2020

2020 Programme
3 March, 6:00pm–7:00pmFree Public Lecture
Speaker: Emeritus Prof. Richard Read (UWA): ‘Theories of Perception and the Aesthetics of Landscape Painting in Britain, Australia and the United States in the Eighteenth and Nineteenth Centuries’
Venue: The Circle, Reid Library, The University of Western Australia
Abstract: Discussions of landscape painting in this period have been dominated by traditional tensions between the aesthetic conventions of the beautiful, the sublime and the picturesque and how their significance differs in different countries. In this lecture Emeritus Professor Richard Read looks at the way in which such conventions are underwritten by conflicts between empirical and idealist theories of perception in painting and writing about landscapes that are new to Western occupiers. He argues that the issue of the blind man newly restored to sight in the philosophical writings of John Locke, Bishop Berkeley and others bears not only on the subject matter and style of certain landscape paintings in three countries, but forms of government and the legal status of indigenous peoples. This reflects the arguments of a chapter shortly to be published in Colonization, Wilderness and Other Spaces: Nineteenth-Century Landscape Painting in Australia and the United States, ed. Richard Read and Kenneth Haltman (Chicago: Terra Foundation for American Art distributed by University of Chicago Press, 2020). The chapter is the basis of a short book under contract with Cambridge University Press for publication in 2021, The Aftermath of Molyneux’s Question.

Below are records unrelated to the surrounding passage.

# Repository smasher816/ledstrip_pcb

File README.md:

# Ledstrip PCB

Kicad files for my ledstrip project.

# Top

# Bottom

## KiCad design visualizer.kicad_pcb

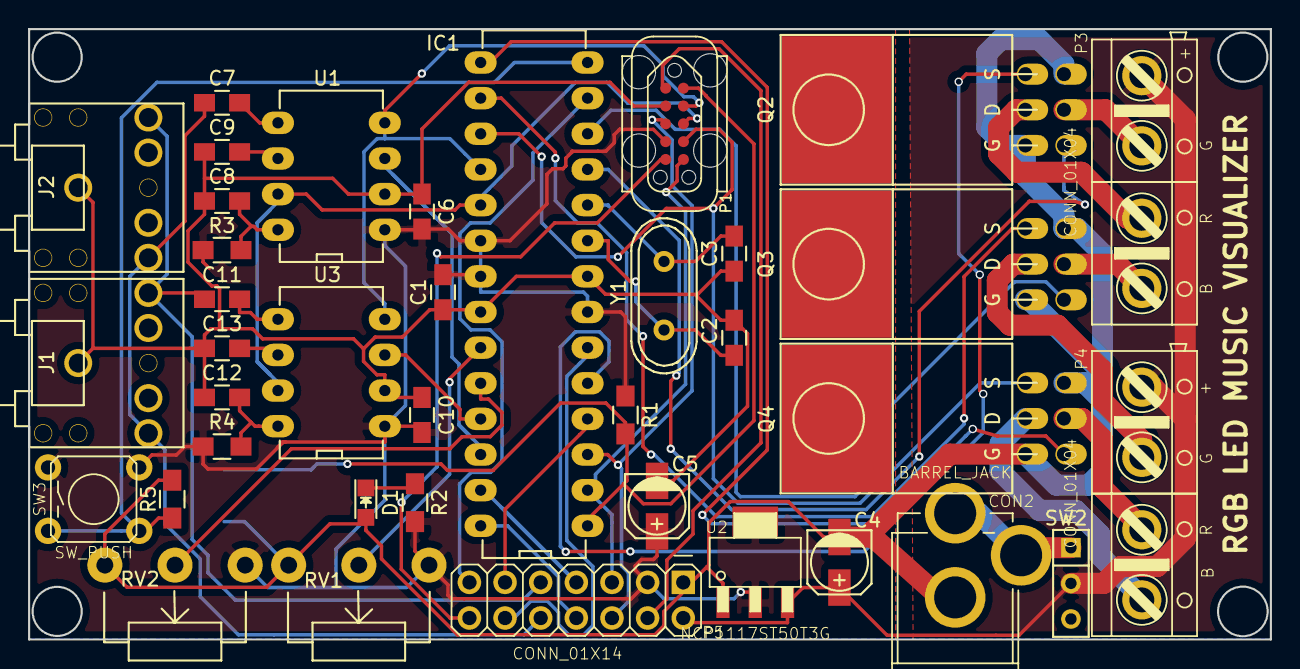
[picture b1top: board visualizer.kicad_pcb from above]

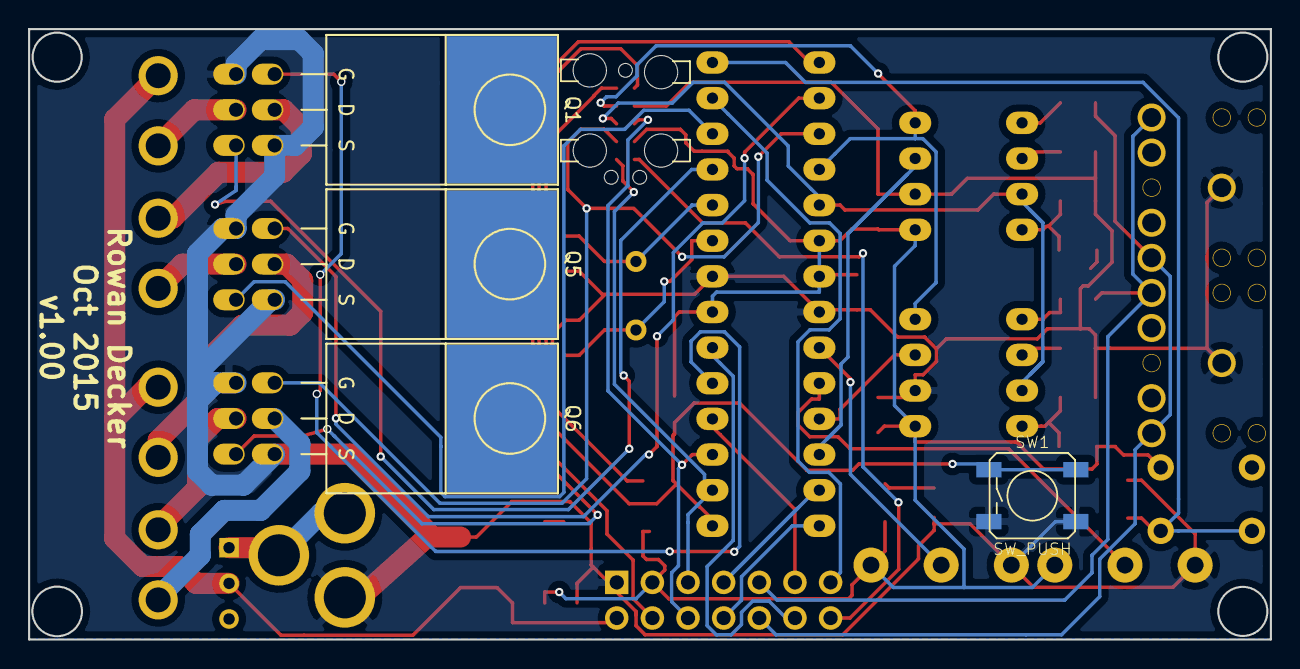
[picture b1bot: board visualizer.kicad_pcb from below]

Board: 2 copper layers, 88.5 x 43.5 mm, 42 parts (4 on the bottom side), 44 nets.

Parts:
C1, C6, C9, C10, C13: 100nF; C_0805_HandSoldering
C2, C3: 22pF; C_0805_HandSoldering
C4, C5: 10uF; c_elec_4x4.5
C7, C11: 10nF; C_0805_HandSoldering
C8, C12: 33pF; C_0805_HandSoldering
CON2: BARREL_JACK; AB2_PB_2MM_JACK_PTH
D1: PWRLED; LED-0805
IC1: ATMEGA328P; DIP-28
J1, J2: AUDIO-JACK; AUDIO_JACK-3.5mm
P1: TC2050-IDC; TC2050_BIG
P3, P4: CONN_01X04; AB2_TB_04_RA_5MM_L-BLK
P5: CONN_01X14; AB2_HDR_M07-2V
Q1, Q2, Q3, Q4, Q5, Q6: N-MOSFET; TO-220_NFET_Horizontal
R1, R5: 10K; R_0805_HandSoldering
R2: R; R_0805_HandSoldering
R3, R4: 200K; R_0805_HandSoldering
RV1, RV2: POT; Potentiometer_WirePads
SW1: SW_PUSH; AB2_PB_MOM_5.2MM_SMD
SW2: SPST; SW_Micro_SPST
SW3: SW_PUSH; AB2_PB_MOM_6MM_PTH_BLK
U1, U3: MSGEQ7; DIP-8
U2: NCP1117ST50T3G; AB2_SOT223
Y1: 16Mhz; Crystal_HC49-U_Vertical

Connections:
+3V3: P1.1, P5.4
+5V: C1.1, C5.1, C6.1, C10.1, IC1.7, IC1.20, IC1.21, P1.4, P5.3, R1.2, R2.2, R3.2, R4.2, RV1.1, RV2.1, SW3.1, U1.1, U2.2, U3.1
+12V: C4.1, P3.1, P4.1, P5.2, SW2.2, U2.3
/AUX: P1.5, P5.14
/B1: IC1.12, Q3.G
/B2: IC1.17, P1.7, Q6.G
/BTN1: IC1.14, R5.2, SW3.2
/CLK: IC1.19, P1.8, U1.7, U3.7
/D2: IC1.4, P5.11
/D4: IC1.6, P5.12
/D7: IC1.13, P5.13
/EQ1: IC1.25, U3.3
/EQ2: IC1.26, U1.3
/G1: IC1.11, Q2.G
/G2: IC1.16, Q5.G
/LED_B1: P3.4, Q3.D
/LED_B2: P4.4, Q6.D
/LED_G1: P3.2, Q2.D
/LED_G2: P4.2, Q5.D
/LED_R1: P3.3, Q1.D
/LED_R2: P4.3, Q4.D
/LEFT: C11.2, J1.2, J2.2, P5.9
/MISO: IC1.18, P1.9, U1.4, U3.4
/POT1: IC1.23, RV1.2
/POT2: IC1.24, RV2.2
/PWR_IN: CON2.1, CON2.3, SW2.1
/R1: IC1.5, Q1.G
/R2: IC1.15, Q4.G
/RESET: IC1.1, P1.10, R1.1, SW1.1
/RIGHT: C7.2, J1.3, J2.3, P5.10
/RX: IC1.2, P1.6, P5.5
/SCL: IC1.28, P5.8
/SDA: IC1.27, P5.7
/TX: IC1.3, P1.3, P5.6
/XTAL1: C3.1, IC1.10, Y1.1
/XTAL2: C2.2, IC1.9, Y1.2
GND: C1.2, C2.1, C3.2, C4.2, C5.2, C6.2, C8.1, C9.2, C10.2, C12.1, C13.2, CON2.2, D1.2, IC1.8, IC1.22, J1.1, J2.1, P1.2, P5.1, Q1.S, Q2.S, Q3.S, Q4.S, Q5.S, Q6.S, R5.1, RV1.3, RV2.3, SW1.2, U1.2, U2.1, U3.2
unnamed: C7.1, U1.5
unnamed: C8.2, R3.1, U1.8
unnamed: C9.1, U1.6
unnamed: C11.1, U3.5
unnamed: C12.2, R4.1, U3.8
unnamed: C13.1, U3.6
unnamed: D1.1, R2.1

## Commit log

2016-05-03 Add V1
2016-05-03 Add README

31 March, 6:00pm PMRG Annual General Meeting
The PMRG committee has decided that due to the COVID-19 situation, the 2020 AGM will not go ahead as planned but alternative arrangements will be made, and the AGM will be held online.
Time: 6:00pm
Venue: Online.
Tuesday 30 June, 6:00pm (AWST)First meeting of the PMRG Middle English online reading group.
The group will meet by Zoom for an hour every fortnight on Tuesdays at 6:00pm AWST, starting Tuesday June 30. The first text they’ll be reading is Geoffrey Chaucer’s The Wife of Bath’s Tale.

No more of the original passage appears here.